We have a little helper to generate combinations of Boolean values:

```
masks :: Int -> [[Bool]]
masks 0 = [[]]
masks 1 = [[False], [True]]
masks n = map (False :) xs' ++ map (True :) xs'
where xs' = masks (n - 1)
```

## Applications

Given the definitions above, the two test cancer example works as expected. We can also deal with Sebastian’s happiness example. The necessary definition of the Bayes network is:

```
import BayesNet
import Data.Ratio
data Event = S | R | H deriving (Eq, Ord, Show)
bn = fromList [(S, [], [7 % 10]),
(R, [], [1 % 100]),
(H, [S, R], [1, 7 % 10, 9 % 10, 1 % 10])]
```

Here, I’ve made the probability values in the Bayes network be rational numbers (remember that we can use any instance of typeclass `Fractional`

for this). We can then answer some of the questions Sebastian posed in the lecture. First we load the definition into GHCi:

```
*Main> :load "happiness.hs"
[1 of 2] Compiling BayesNet ( BayesNet.hs, interpreted )
[2 of 2] Compiling Main ( happiness.hs, interpreted )
Ok, modules loaded: BayesNet, Main.
```

Then we ask the value for $P(R|S)$:

```
*Main> prob bn R [(S,True)]
Loading package array-0.3.0.2 ... linking ... done.
Loading package containers-0.4.0.0 ... linking ... done.
1 % 100
```

The answer is just $P(R)$ because $R$ and $S$ are independent. Notice that we get the result as a rational here. What about $P(R|H,S)$? Just as easy:

```
*Main> prob bn R [(H,True),(S,True)]
10 % 703
*Main> fromRational $ prob bn R [(H,True),(S,True)]
1.422475106685633e-2
```

Here, I’ve converted the result from a rational to a floating point for comparison with the next result, which is $P(R|H)$:

```
*Main> prob bn R [(H,True)]
97 % 5245
*Main> fromRational $ prob bn R [(H,True)]
1.8493803622497616e-2
```

Here, $P(R|H) > P(R|H,S)$, demonstrating the “explaining away” effect.

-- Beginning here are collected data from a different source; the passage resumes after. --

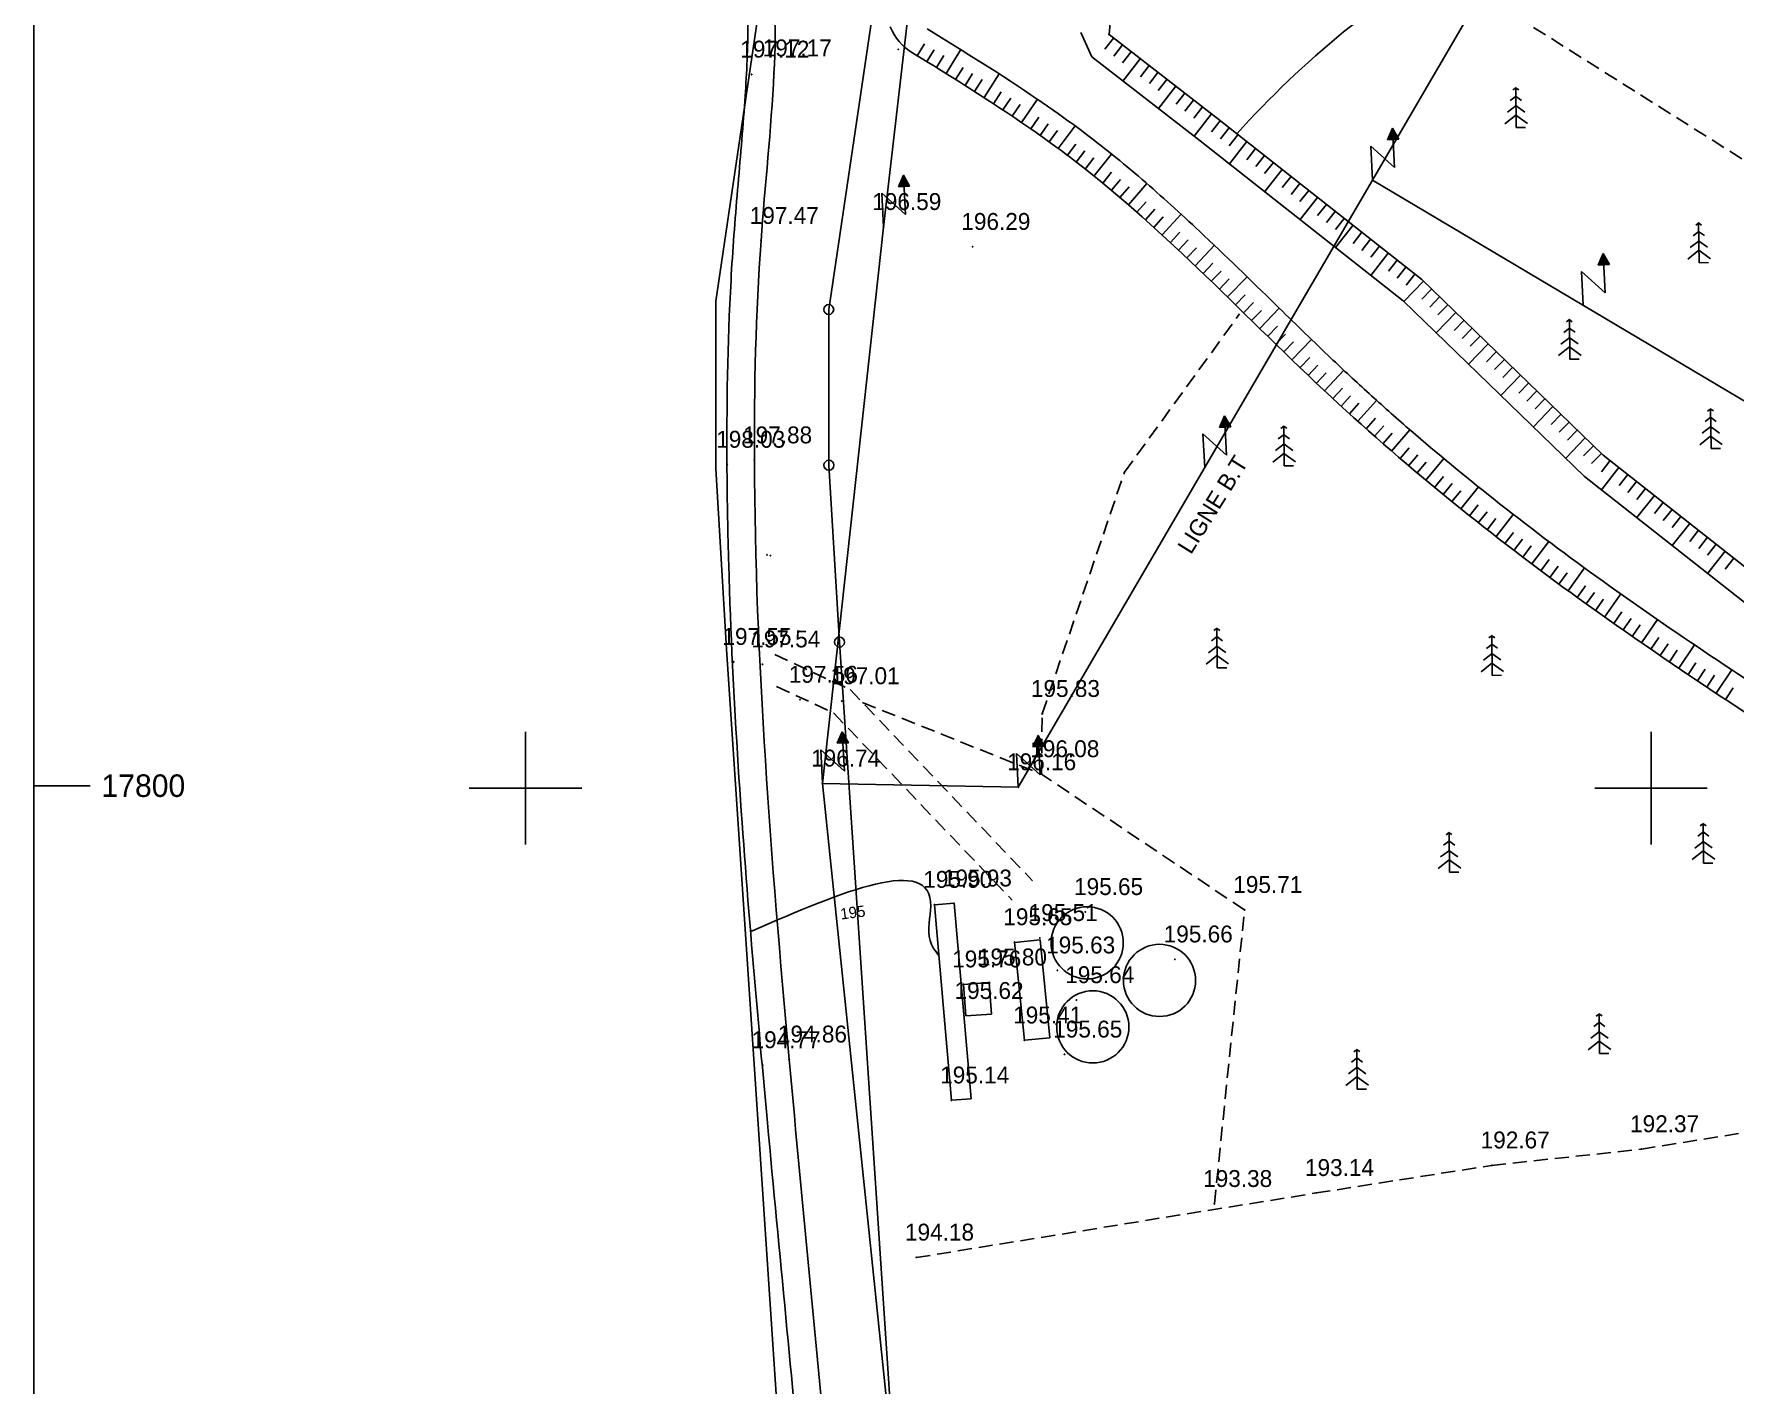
# Model space of a CAD drawing. Extents: x -83928 to -81707, y 15464 to 18601.
# Drawn here: x -83887.3 to -83585.3, y 17694 to 17933.9 of the extents above; entities that cross this region are included whole.
import ezdxf
from ezdxf.enums import TextEntityAlignment as Align

# ---------------------------------------------------------------- set-up
doc = ezdxf.new("R2010")
doc.units = 0
doc.header["$MEASUREMENT"] = 0
doc.linetypes.add('ACAD_ISO03W100', pattern=[30, 12, -18])
doc.linetypes.add('INTERROMPU', pattern=[0.75, 0.5, -0.25])
doc.layers.add('ACCE', color=4, linetype='INTERROMPU', lineweight=25)
for name, color, linetype in [('ALT', 7, 'Continuous'), ('BORNE', 1, 'Continuous'), ('CarPerim', 7, 'Continuous'), ('Carroyage 1', 7, 'Continuous'), ('CarTexte', 7, 'Continuous'), ('CNiv_1', 1, 'Continuous'), ('CONST', 7, 'Continuous'), ('CORDONNE', 6, 'Continuous'), ('Cotation CN', 6, 'Continuous'), ('ECOULEMENT', 160, 'ACAD_ISO03W100'), ('electric', 50, 'Continuous'), ('LIMITE', 40, 'INTERROMPU'), ('POINTS', 3, 'Continuous'), ('Talus', 5, 'Continuous'), ('TITRE', 1, 'Continuous'), ('USL', 2, 'Continuous'), ('VOIRIE', 4, 'Continuous')]:
    doc.layers.add(name, color=color, linetype=linetype)

# ---------------------------------------------------------------- blocks, each defined once
blk = doc.blocks.new('CotaCNiv')
at = {"invisible_edges": 15}
blk.add_3dface([(-0.5, -0.5), (0.5, -0.5), (0.5, 0.5), (-0.5, 0.5)], dxfattribs=at)
blk.add_3dface([(-0.5, -0.5), (0.5, -0.5), (0.5, 0.5), (-0.5, 0.5)], dxfattribs=at)
blk.add_attdef('ALTCNIV', text='', height=0.4).set_placement((0, 0), align=Align.MIDDLE)
blk = doc.blocks.new('T10')
at = {"layer": 'USL'}
for p, q in [((0.02, 3.53), (-0.26, 3.33)), ((-0.02, 3.53), (0.26, 3.33)), ((0, 0), (0, 3.5)), ((0.02, 1.94), (-0.77, 1.36)), ((0.02, 2.78), (-0.5, 2.4)), ((-0.02, 2.78), (0.5, 2.4)), ((-0.02, 1.94), (0.77, 1.36)), ((-1, 0.34), (-0.02, 1.1)), ((-0.02, 1.1), (1.01, 0.34)), ((0, 0), (0.83, 0))]:
    blk.add_line(p, q, dxfattribs=at)
blk = doc.blocks.new('*X2')
for p, q in [((6.01, 6.5), (6.67, 7.16)), ((6.03, 6.56), (6.66, 7.19)), ((6.04, 6.5), (6.68, 7.14)), ((6.07, 6.63), (6.64, 7.21)), ((6.08, 6.5), (6.69, 7.12)), ((6.1, 6.7), (6.63, 7.23)), ((6.11, 6.5), (6.7, 7.09)), ((6.14, 6.77), (6.62, 7.26)), ((6.15, 6.5), (6.72, 7.07)), ((6.17, 6.84), (6.61, 7.28)), ((6.18, 6.5), (6.73, 7.05)), ((6.21, 6.91), (6.6, 7.3)), ((6.22, 6.5), (6.74, 7.02)), ((6.24, 6.98), (6.59, 7.33)), ((6.25, 6.5), (6.75, 7)), ((6.28, 7.06), (6.57, 7.35)), ((6.29, 6.5), (6.76, 6.97)), ((6.31, 7.13), (6.56, 7.38)), ((6.32, 6.5), (6.77, 6.95)), ((6.35, 7.2), (6.55, 7.4)), ((6.36, 6.5), (6.79, 6.93)), ((6.38, 7.27), (6.54, 7.42)), ((6.39, 6.5), (6.8, 6.9)), ((6.42, 7.34), (6.53, 7.45)), ((6.43, 6.5), (6.81, 6.88)), ((6.45, 7.41), (6.52, 7.47)), ((6.46, 6.5), (6.82, 6.86)), ((6.49, 7.48), (6.5, 7.49)), ((6.5, 6.5), (6.83, 6.83)), ((6.54, 6.5), (6.85, 6.81)), ((6.57, 6.5), (6.86, 6.79)), ((6.61, 6.5), (6.87, 6.76)), ((6.64, 6.5), (6.88, 6.74)), ((6.68, 6.5), (6.89, 6.72)), ((6.71, 6.5), (6.9, 6.69)), ((6.75, 6.5), (6.92, 6.67)), ((6.78, 6.5), (6.93, 6.64)), ((6.82, 6.5), (6.94, 6.62)), ((6.85, 6.5), (6.95, 6.6)), ((6.89, 6.5), (6.96, 6.57)), ((6.92, 6.5), (6.97, 6.55)), ((6.96, 6.5), (6.99, 6.53)), ((6.99, 6.5), (7, 6.5))]:
    blk.add_line(p, q)

msp = doc.modelspace()

# ---------------------------------------------------------------- linework, layer by layer
at = {"layer": 'ACCE', "linetype": 'INTERROMPU', "ltscale": 5, "extrusion": (0.000932032, -0.005533, 0.999984)}
for p, q in [((-83755.68, 17823.69, 209.48), (-83742.29, 17817.48, 209.44)), ((-83755.38, 17818.04, 209.45), (-83745.26, 17813.35, 209.42)), ((-83742.29, 17817.48, 209.44), (-83709.9, 17783.53, 209.22)), ((-83745.26, 17813.35, 209.42), (-83713.52, 17780.08, 209.2))]:
    msp.add_line(p, q, dxfattribs=at)
at = {"layer": 'BORNE', "color": 2, "extrusion": (4.63065e-06, 1.2885e-05, 1)}
for centre in [(-83746.11, 17884.98, 207.68), (-83746.09, 17857.33, 207.68), (-83744.2, 17825.91, 207.68)]:
    msp.add_circle(centre, 0.877, dxfattribs=at)
at = {"layer": 'CarPerim'}
msp.add_line((-83887.33, 18600.42), (-83887.33, 17000.42), dxfattribs=at)
at = {"layer": 'Carroyage 1'}
for p, q in [((-83887.33, 17810.42), (-83887.33, 17790.42)), ((-83800, 17810), (-83800, 17790)), ((-83600, 17810), (-83600, 17790)), ((-83887.33, 17800.42), (-83877.33, 17800.42)), ((-83810, 17800), (-83790, 17800)), ((-83610, 17800), (-83590, 17800))]:
    msp.add_line(p, q, dxfattribs=at)
at = {"layer": 'CNiv_1', "color": 0}
msp.add_lwpolyline([(-81721.1, 18600.42), (-81721.1, 15464.43), (-83887.33, 15464.43), (-83887.33, 18600.42)], close=True, dxfattribs=at)
at = {"layer": 'CNiv_1', "elevation": 195}
for points in [[(-83374, 18009, -0.073734), (-83397.77, 17995.03, -0.085719), (-83421, 17990, -0.016783), (-83431.58, 17989.91, -0.018798), (-83441, 17990.5, -0.289655), (-83463.13, 18007.82, 0.433978), (-83482, 18016, 0.165752), (-83494.76, 18004.38, -0.148333), (-83508.5, 17991, -0.001356), (-83536.6, 17976.54, 0.001701), (-83559, 17965, 0.00115), (-83588.55, 17949.56, -0.002068), (-83605, 17941, -0.03171), (-83608.59, 17939.43, -0.015892), (-83616, 17937, -0.20613), (-83621.15, 17937.63, 0.09941), (-83631, 17941, 0.207404), (-83654.64, 17934.27, 0.037562), (-83673.6, 17916.19, 0.037562)], [(-83760.02, 17774.61, 0.022456), (-83759.67, 17774.67)]]:
    msp.add_lwpolyline(points, format="xyb", dxfattribs=at)
at = {"layer": 'CNiv_1'}
msp.add_open_spline([(-83759.67, 17774.67, 195), (-83743.73, 17781.54, 195), (-83724.76, 17789.72, 195), (-83728.98, 17773.6, 195), (-83727.25, 17771.08, 195), (-83726.54, 17770.28, 195)], degree=3, knots=[0, 0, 0, 0, 31.961783, 38.047616, 41.164659, 41.164659, 41.164659, 41.164659], dxfattribs=at)
at = {"layer": 'CONST', "linetype": 'ByBlock', "extrusion": (0.000932032, -0.005533, 0.999984)}
for p, q in [((-83727.32, 17779.26, 208.87), (-83723.84, 17779.56, 208.86)), ((-83724.3, 17744.52, 208.44), (-83727.32, 17779.26, 208.87)), ((-83720.82, 17744.82, 208.44), (-83723.84, 17779.56, 208.86)), ((-83713.09, 17772.57, 208.74), (-83708.56, 17773.07, 208.74)), ((-83713.09, 17772.62, 208.74), (-83711.33, 17755.17, 208.53)), ((-83708.56, 17773.07, 208.74), (-83706.8, 17755.63, 208.52)), ((-83722.18, 17765.13, 208.68), (-83717.61, 17765.48, 208.67)), ((-83722.18, 17765.13, 208.68), (-83721.76, 17759.52, 208.61)), ((-83717.61, 17765.47, 208.68), (-83717.19, 17759.86, 208.61)), ((-83721.76, 17759.52, 208.61), (-83717.19, 17759.86, 208.61)), ((-83711.34, 17755.22, 208.53), (-83706.8, 17755.63, 208.52)), ((-83720.82, 17744.82, 208.44), (-83724.31, 17744.57, 208.44))]:
    msp.add_line(p, q, dxfattribs=at)
for centre in [(-83700.16, 17771.89, -162.28), (-83687.31, 17765.21, -162.28), (-83699.17, 17756.96, -162.28)]:
    msp.add_circle(centre, 6.41, dxfattribs=at)
at = {"layer": 'CORDONNE', "extrusion": (0.000932032, -0.005533, 0.999984)}
for p, q in [((-83645.94, 17917.17, 210.22), (-83646.83, 17915.12, 210.21)), ((-83645.58, 17910.18, 210.18), (-83645.94, 17917.17, 210.22)), ((-83644.83, 17915.23, 210.21), (-83645.94, 17917.17, 210.22)), ((-83649.47, 17907.98, 210.17), (-83649.78, 17913.97, 210.2)), ((-83649.78, 17913.97, 210.2), (-83645.58, 17910.18, 210.18)), ((-83646.83, 17915.12, 210.21), (-83644.83, 17915.23, 210.21)), ((-83732.84, 17908.82, 210.39), (-83733.74, 17906.77, 210.38)), ((-83733.74, 17906.77, 210.38), (-83731.74, 17906.87, 210.38)), ((-83732.49, 17901.83, 210.35), (-83732.84, 17908.82, 210.39)), ((-83731.74, 17906.87, 210.38), (-83732.84, 17908.82, 210.39)), ((-83736.38, 17899.63, 210.34), (-83736.68, 17905.62, 210.38)), ((-83736.68, 17905.62, 210.38), (-83732.49, 17901.83, 210.35)), ((-83608.49, 17894.92, 209.83), (-83609.39, 17892.87, 209.82)), ((-83608.13, 17887.93, 209.79), (-83608.49, 17894.92, 209.83)), ((-83607.39, 17892.97, 209.82), (-83608.49, 17894.92, 209.83)), ((-83612.33, 17891.72, 209.82), (-83608.13, 17887.93, 209.79)), ((-83612.03, 17885.73, 209.79), (-83612.33, 17891.72, 209.82)), ((-83609.39, 17892.87, 209.82), (-83607.39, 17892.97, 209.82)), ((-83675.77, 17866.09, 209.7), (-83676.67, 17864.05, 209.69)), ((-83675.42, 17859.1, 209.66), (-83675.77, 17866.09, 209.7)), ((-83674.67, 17864.15, 209.69), (-83675.77, 17866.09, 209.7)), ((-83679.61, 17862.89, 209.68), (-83675.42, 17859.1, 209.66)), ((-83679.31, 17856.9, 209.65), (-83679.61, 17862.89, 209.68)), ((-83676.67, 17864.05, 209.69), (-83674.67, 17864.15, 209.69)), ((-83743.7, 17809.99, 209.23), (-83744.6, 17807.94, 209.22)), ((-83744.6, 17807.94, 209.22), (-83742.6, 17808.04, 209.22)), ((-83743.34, 17803, 209.2), (-83743.7, 17809.99, 209.23)), ((-83742.6, 17808.04, 209.22), (-83743.7, 17809.99, 209.23)), ((-83708.92, 17809.35, 209.12), (-83709.82, 17807.3, 209.11)), ((-83709.82, 17807.3, 209.11), (-83707.82, 17807.41, 209.11)), ((-83707.82, 17807.41, 209.11), (-83708.92, 17809.35, 209.12)), ((-83708.56, 17802.36, 209.08), (-83708.91, 17809.35, 209.12)), ((-83747.24, 17800.8, 209.19), (-83747.54, 17806.79, 209.22)), ((-83747.54, 17806.79, 209.22), (-83743.34, 17803, 209.2)), ((-83712.45, 17800.16, 209.07), (-83712.76, 17806.15, 209.1)), ((-83712.76, 17806.15, 209.1), (-83708.56, 17802.36, 209.08))]:
    msp.add_line(p, q, dxfattribs=at)
at = {"layer": 'ECOULEMENT', "linetype": 'ByBlock', "extrusion": (0.000932032, -0.005533, 0.999984)}
msp.add_line((-83701.3, 17934.2, 211.29), (-83699.37, 17929.84, 210.61), dxfattribs=at)
for points, elevation in [([(-83756.31, 18014.18), (-83742.34, 18014.57), (-83735.34, 18004.85), (-83740.85, 17997.08), (-83733.75, 17999.91), (-83737.27, 17995.24), (-83727.16, 18000.74), (-83728.41, 17992.91), (-83721.48, 17987.7), (-83707.88, 17978.33), (-83705.39, 17972.57), (-83700.66, 17973.05), (-83702.8, 17959.36), (-83703.09, 17947.15), (-83695.22, 17949.48), (-83696.47, 17934.25)], 34.04), ([(-83696.47, 17934.25), (-83677.21, 17919.36), (-83640.89, 17890.74), (-83608.66, 17859.56), (-83558.02, 17819.7), (-83541.14, 17802.32), (-83537.05, 17786.48), (-83533.47, 17766.03), (-83524.92, 17733.51)], 33.39), ([(-83699.53, 17930.3), (-83680.28, 17915.42), (-83644.18, 17886.97), (-83611.96, 17855.79), (-83561.38, 17815.98), (-83545.65, 17799.79), (-83541.94, 17785.42), (-83538.36, 17764.97), (-83529.76, 17732.24)], 33.39)]:
    msp.add_lwpolyline(points, dxfattribs=dict(at, elevation=elevation))
msp.add_arc((-83725.98, 17938.47, -162.28), 10, 203.1095, 238.4927, dxfattribs=at)
at = {"layer": 'ECOULEMENT', "linetype": 'ByBlock'}
for points, knots in [([(-83728.62, 17934.83, 14.99), (-83722.02, 17930.78, 14.96), (-83715.39, 17926.67, 14.94), (-83706.32, 17920.47, 14.89), (-83703.75, 17918.65, 14.88), (-83699.37, 17915.37, 14.86), (-83697.54, 17913.95, 14.85), (-83693.95, 17911.06, 14.83), (-83692.18, 17909.58, 14.82), (-83686.96, 17905.09, 14.79), (-83683.57, 17902.01, 14.77), (-83675.63, 17894.57, 14.72), (-83671.14, 17890.18, 14.69), (-83663.57, 17882.78, 14.64), (-83660.48, 17879.77, 14.62), (-83655.1, 17874.66, 14.59), (-83652.82, 17872.53, 14.58), (-83648.22, 17868.34, 14.55), (-83645.89, 17866.27, 14.54), (-83638.84, 17860.15, 14.5), (-83634.04, 17856.17, 14.47), (-83623.15, 17847.5, 14.41), (-83617.02, 17842.86, 14.38), (-83598.32, 17829.3, 14.29), (-83585.45, 17820.76, 14.23), (-83567.1, 17808.9, 14.15), (-83561.74, 17805.48, 14.12), (-83556.37, 17802.05, 14.1)], [3.176077, 3.176077, 3.176077, 3.176077, 26.264516, 26.264516, 35.534882, 35.534882, 42.305765, 42.305765, 49.076647, 49.076647, 62.618412, 62.618412, 81.32732, 81.32732, 94.294057, 94.294057, 103.736618, 103.736618, 113.179178, 113.179178, 132.064299, 132.064299, 155.368404, 155.368404, 201.976614, 201.976614, 221.065664, 221.065664, 221.065664, 221.065664]), ([(-83731.23, 17930.57, 14.97), (-83721.31, 17924.49, 14.93), (-83693.91, 17907.38, 14.81), (-83659.02, 17869.41, 14.57), (-83611.27, 17831.21, 14.31), (-83577.2, 17809.43, 14.16), (-83559.07, 17797.84, 14.08)], [3.176077, 3.176077, 3.176077, 3.176077, 37.952596, 99.830927, 156.532489, 221.065664, 221.065664, 221.065664, 221.065664])]:
    msp.add_open_spline(points, degree=3, knots=knots, dxfattribs=at)
at = {"layer": 'electric', "extrusion": (0.000932032, -0.005533, 0.999984)}
for p, q in [((-83736.38, 17899.63, 210.34), (-83705.73, 18164.22, 213.43)), ((-83712.45, 17800.16, 209.07), (-83630.19, 17940.99, 210.51)), ((-83649.47, 17907.98, 210.17), (-83408.2, 17764.6, 207.69)), ((-83736.38, 17899.63, 210.34), (-83747.24, 17800.8, 209.19)), ((-83706.93, 17412.56, 204.39), (-83747.24, 17800.8, 209.19)), ((-83747.24, 17800.8, 209.19), (-83712.41, 17800.14, 209.07))]:
    msp.add_line(p, q, dxfattribs=at)
at = {"layer": 'LIMITE', "linetype": 'INTERROMPU', "ltscale": 5, "extrusion": (0.000932032, -0.005533, 0.999984)}
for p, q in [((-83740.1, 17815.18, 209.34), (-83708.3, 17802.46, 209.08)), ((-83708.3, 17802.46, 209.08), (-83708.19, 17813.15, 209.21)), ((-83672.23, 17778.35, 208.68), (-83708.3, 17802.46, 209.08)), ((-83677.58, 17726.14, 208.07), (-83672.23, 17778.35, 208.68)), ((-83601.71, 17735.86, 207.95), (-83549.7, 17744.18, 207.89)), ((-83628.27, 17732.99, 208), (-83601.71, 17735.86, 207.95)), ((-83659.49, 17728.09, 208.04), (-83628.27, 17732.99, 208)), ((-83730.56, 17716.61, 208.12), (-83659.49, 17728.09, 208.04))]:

For sure, you can do the homework questions using the same setup.

## Conclusions

This is *not* a good way to do probability calculations on Bayes networks in general. There are much better approaches available than enumeration. My goal here was more to investigate how easy it would be to construct an explicit programmatic representation of the full joint PDF of a Bayes network. Whether writing all this code to answer three homework problems is an efficient use of time, I’ll leave for the reader to decide…

The code is in: BayesNet.hs, cancer.hs and happiness.hs. There’s also code implementing the earthquake alarm example from the lectures in alarm.hs.